[Extracted data entries]

--------------------------------

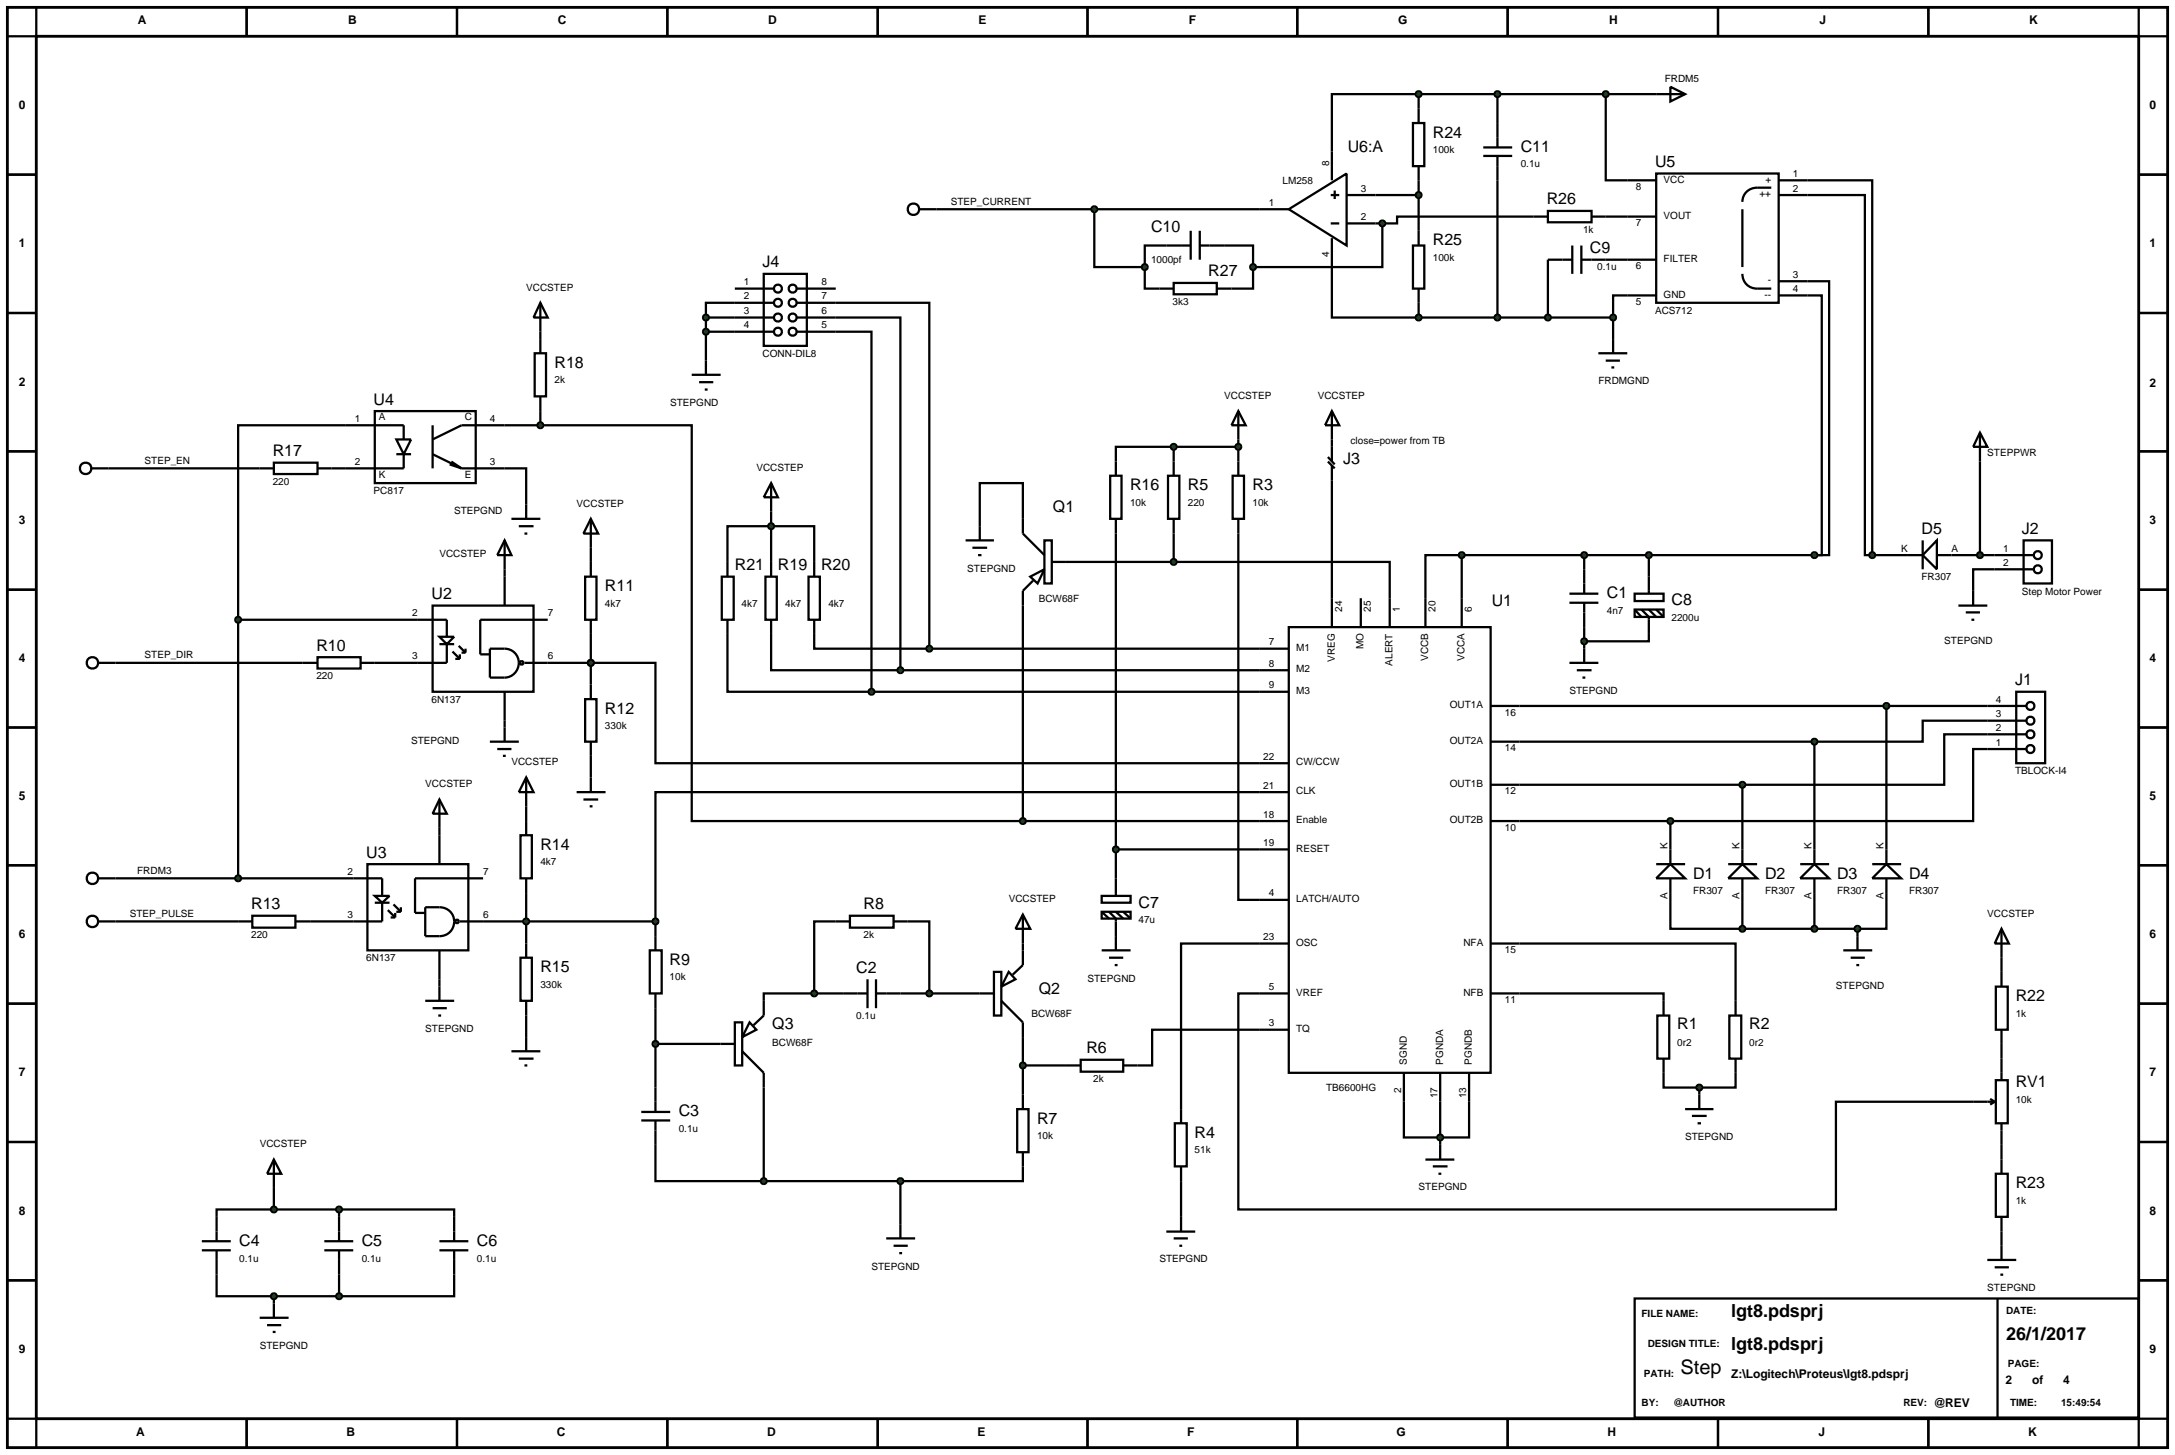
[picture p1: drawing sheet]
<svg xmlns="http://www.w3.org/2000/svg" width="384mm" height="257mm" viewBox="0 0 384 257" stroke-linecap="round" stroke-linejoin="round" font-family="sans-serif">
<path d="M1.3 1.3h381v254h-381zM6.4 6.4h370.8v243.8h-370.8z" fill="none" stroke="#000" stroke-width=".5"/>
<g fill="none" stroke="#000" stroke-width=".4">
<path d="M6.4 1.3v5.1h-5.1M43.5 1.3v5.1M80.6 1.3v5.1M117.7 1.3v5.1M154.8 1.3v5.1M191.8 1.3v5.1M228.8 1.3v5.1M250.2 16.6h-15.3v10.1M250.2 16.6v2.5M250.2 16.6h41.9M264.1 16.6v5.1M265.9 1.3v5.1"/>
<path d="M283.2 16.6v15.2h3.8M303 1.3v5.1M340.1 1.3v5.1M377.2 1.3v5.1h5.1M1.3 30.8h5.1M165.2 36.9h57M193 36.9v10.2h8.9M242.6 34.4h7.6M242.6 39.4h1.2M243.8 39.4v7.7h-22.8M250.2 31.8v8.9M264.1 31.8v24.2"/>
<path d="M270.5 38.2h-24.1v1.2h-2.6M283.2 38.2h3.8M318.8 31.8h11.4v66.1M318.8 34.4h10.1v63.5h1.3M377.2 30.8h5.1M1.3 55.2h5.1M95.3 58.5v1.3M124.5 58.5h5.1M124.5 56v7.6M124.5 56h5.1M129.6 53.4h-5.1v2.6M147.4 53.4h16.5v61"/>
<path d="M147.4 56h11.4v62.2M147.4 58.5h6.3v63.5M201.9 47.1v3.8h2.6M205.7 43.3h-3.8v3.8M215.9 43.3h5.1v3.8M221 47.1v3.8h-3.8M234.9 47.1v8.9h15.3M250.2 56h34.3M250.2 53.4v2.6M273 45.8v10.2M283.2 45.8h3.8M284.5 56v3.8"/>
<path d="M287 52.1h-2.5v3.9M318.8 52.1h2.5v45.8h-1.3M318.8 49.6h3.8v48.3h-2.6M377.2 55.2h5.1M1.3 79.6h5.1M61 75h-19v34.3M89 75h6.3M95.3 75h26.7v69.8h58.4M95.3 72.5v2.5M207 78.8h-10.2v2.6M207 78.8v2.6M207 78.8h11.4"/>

--------------------------------

**Your task:** Give the data above again, exactly, with every picture removed.

**Solution to this problem:**
[picture p1: drawing sheet]
<svg xmlns="http://www.w3.org/2000/svg" width="384mm" height="257mm" viewBox="0 0 384 257" stroke-linecap="round" stroke-linejoin="round" font-family="sans-serif">
<path d="M1.3 1.3h381v254h-381zM6.4 6.4h370.8v243.8h-370.8z" fill="none" stroke="#000" stroke-width=".5"/>
<g fill="none" stroke="#000" stroke-width=".4">
<path d="M6.4 1.3v5.1h-5.1M43.5 1.3v5.1M80.6 1.3v5.1M117.7 1.3v5.1M154.8 1.3v5.1M191.8 1.3v5.1M228.8 1.3v5.1M250.2 16.6h-15.3v10.1M250.2 16.6v2.5M250.2 16.6h41.9M264.1 16.6v5.1M265.9 1.3v5.1"/>
<path d="M283.2 16.6v15.2h3.8M303 1.3v5.1M340.1 1.3v5.1M377.2 1.3v5.1h5.1M1.3 30.8h5.1M165.2 36.9h57M193 36.9v10.2h8.9M242.6 34.4h7.6M242.6 39.4h1.2M243.8 39.4v7.7h-22.8M250.2 31.8v8.9M264.1 31.8v24.2"/>
<path d="M270.5 38.2h-24.1v1.2h-2.6M283.2 38.2h3.8M318.8 31.8h11.4v66.1M318.8 34.4h10.1v63.5h1.3M377.2 30.8h5.1M1.3 55.2h5.1M95.3 58.5v1.3M124.5 58.5h5.1M124.5 56v7.6M124.5 56h5.1M129.6 53.4h-5.1v2.6M147.4 53.4h16.5v61"/>
<path d="M147.4 56h11.4v62.2M147.4 58.5h6.3v63.5M201.9 47.1v3.8h2.6M205.7 43.3h-3.8v3.8M215.9 43.3h5.1v3.8M221 47.1v3.8h-3.8M234.9 47.1v8.9h15.3M250.2 56h34.3M250.2 53.4v2.6M273 45.8v10.2M283.2 45.8h3.8M284.5 56v3.8"/>
<path d="M287 52.1h-2.5v3.9M318.8 52.1h2.5v45.8h-1.3M318.8 49.6h3.8v48.3h-2.6M377.2 55.2h5.1M1.3 79.6h5.1M61 75h-19v34.3M89 75h6.3M95.3 75h26.7v69.8h58.4M95.3 72.5v2.5M207 78.8h-10.2v2.6M207 78.8v2.6M207 78.8h11.4"/>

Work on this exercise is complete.